Purpose of the Study:
- To critically analyze and compare the efficacy of three common sensitivity measures in magnitude estimation.
- To determine the most reliable measure for quantifying sensitivity in psychophysical studies.
- To provide evidence-based recommendations for selecting sensitivity measures.
Main Methods:
- An experiment was conducted with 180 participants, a larger sample than typical for psychophysical studies.
- Two sets of stimuli with varying ranges and two types of stimuli (line segments and squares) were used.
- The performance of Pearson's correlation (R), Stevens' power function exponent (K), and Garriga-Trillo's measure (M) was evaluated.
Main Results:
- The exponent of Stevens' power function (K) yielded results contrary to expectations when comparing different stimulus ranges, leading to its rejection.

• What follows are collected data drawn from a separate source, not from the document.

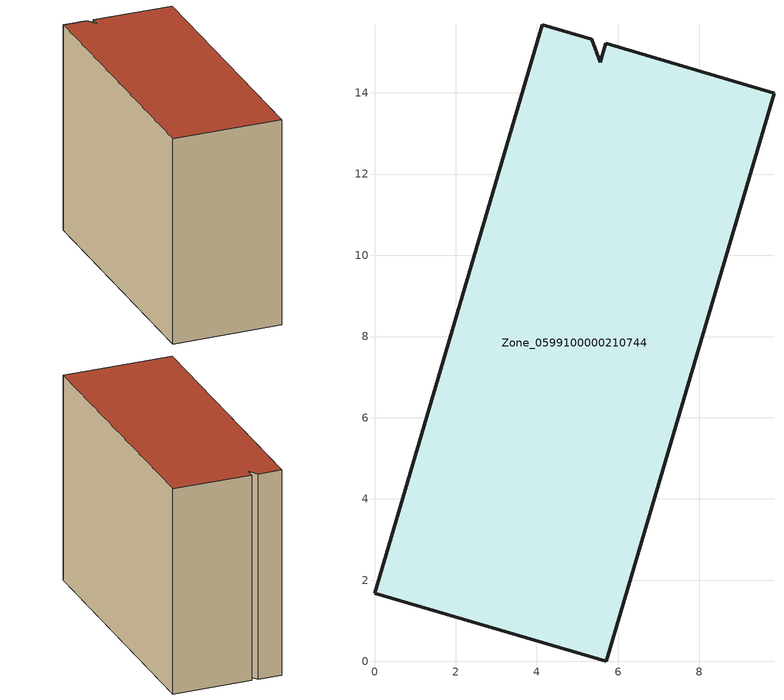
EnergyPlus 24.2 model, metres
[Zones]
Zone_0599100000210744
 floor ground (C_G): 0,1.68 4.13,15.68 5.35,15.32 5.56,14.76 5.69,15.22 9.84,13.99 5.71,0 z0
 wall outside (C_F): 9.84,13.99 5.69,15.22 5.56,14.76 5.35,15.32 4.13,15.68 0,1.68 5.71,0 9.84,13.99 z0:11.46
 roof outside (C_R): 5.35,15.32 4.13,15.68 0,1.68 5.71,0 9.84,13.99 5.69,15.22 5.56,14.76 z11.46
[BUILDING]
Pand.0599100000210744: North Axis=0; Terrain=City; Loads Convergence Tolerance Value=0.04; Temperature Convergence Tolerance Value=0.4; Solar Distribution=FullExterior; Maximum Number of Warmup Days=25; Minimum Number of Warmup Days=1
[Site:Location]
Rotterdam.The.Hague.AP_ZH_NLD Design_Conditions: Latitude=51.96; Longitude=4.45; Time Zone=1; Elevation=-4.5
[SITE:GROUNDTEMPERATURE:BUILDINGSURFACE]
18, 18, 18, 18, 18, 18, 18, 18, 18, 18, 18, 18
[MATERIAL] Thermal Absorptance=0.9; Solar Absorptance=0.7; Visible Absorptance=0.7
Name | Roughness | Thickness | Conductivity | Density | Specific Heat
G.TI.1946 | MediumSmooth | 0.15 | 1 | 540 | 1210
F.TI.1946 | Rough | 0.3 | 0.857143 | 1920 | 840
R.TI.1946 | MediumRough | 0.2 | 0.1 | 1500 | 1000
[CONSTRUCTION]
C_G: G.TI.1946
C_F: F.TI.1946
C_R: R.TI.1946
[ZONE]
Zone_0599100000210744: Type=1; Multiplier=1; Ceiling Height=Autocalculate; Volume=Autocalculate; Floor Area=autocalculate; Part of Total Floor Area=Yes
[ZONEINFILTRATION:DESIGNFLOWRATE]
Infil_Zone_0599100000210744: Zone or ZoneList or Space or SpaceList=Zone_0599100000210744; Schedule=AlwaysOn; Design Flow Rate Calculation Method=Flow/Area; Flow Rate per Floor Area=0.003; Constant Term Coefficient=1; Temperature Term Coefficient=0; Velocity Term Coefficient=0; Velocity Squared Term Coefficient=0
[HVACTEMPLATE:ZONE:IDEALLOADSAIRSYSTEM]
Zone_0599100000210744: Maximum Heating Supply Air Temperature=50; Minimum Cooling Supply Air Temperature=13; Maximum Heating Supply Air Humidity Ratio=0.0156; Minimum Cooling Supply Air Humidity Ratio=0.0077; Heating Limit=NoLimit; Cooling Limit=NoLimit; Dehumidification Control Type=ConstantSensibleHeatRatio; Cooling Sensible Heat Ratio=0.7; Dehumidification Setpoint=60; Humidification Control Type=None; Humidification Setpoint=30; Outdoor Air Method=None; Outdoor Air Flow Rate per Person=0.00944; Outdoor Air Flow Rate per Zone Floor Area=0; Outdoor Air Flow Rate per Zone=0; Demand Controlled Ventilation Type=None; Outdoor Air Economizer Type=NoEconomizer; Heat Recovery Type=None; Sensible Heat Recovery Effectiveness=0.7; Latent Heat Recovery Effectiveness=0.65
[ZONECONTROL:THERMOSTAT]
ThermostatControl_Zone_0599100000210744: Zone or ZoneList=Zone_0599100000210744; Control Type Schedule=DualSetpointControlType; Control 1=Thermostat_Zone_0599100000210744; Temperature Difference Between Cutout And Setpoint=0
[THERMOSTATSETPOINT:DUALSETPOINT]
Thermostat_Zone_0599100000210744: Heating Setpoint Temperature Schedule=HeatingSetpoint_Zone_0599100000210744; Cooling Setpoint Temperature Schedule=CoolingSetpoint_Zone_0599100000210744
[SCHEDULE:COMPACT]
HeatingSetpoint_Zone_0599100000210744: Through: 12/31, For: AllDays, Until: 24:00, 21
CoolingSetpoint_Zone_0599100000210744: Through: 12/31, For: AllDays, Until: 24:00, 24
DualSetpointControlType: Through: 12/31, For: AllDays, Until: 24:00, 4
AlwaysOn: Through: 12/31, For: AllDays, Until: 24:00, 1

- Garriga-Trillo's measure (M) was rejected due to its nature as a linear transformation of Kendall's coefficient of concordance.
- Fisher's transformation, applied to Pearson's correlation (R), demonstrated suitability for achieving a normal distribution.
Conclusions:
- Stevens' power function exponent (K) and Garriga-Trillo's measure (M) are not recommended as reliable sensitivity measures in magnitude estimation.
- Fisher's transformation of Pearson's product-moment correlation (R) is proposed as the optimal method for assessing sensitivity.
- This recommended measure offers improved reliability and interpretability in psychophysical research.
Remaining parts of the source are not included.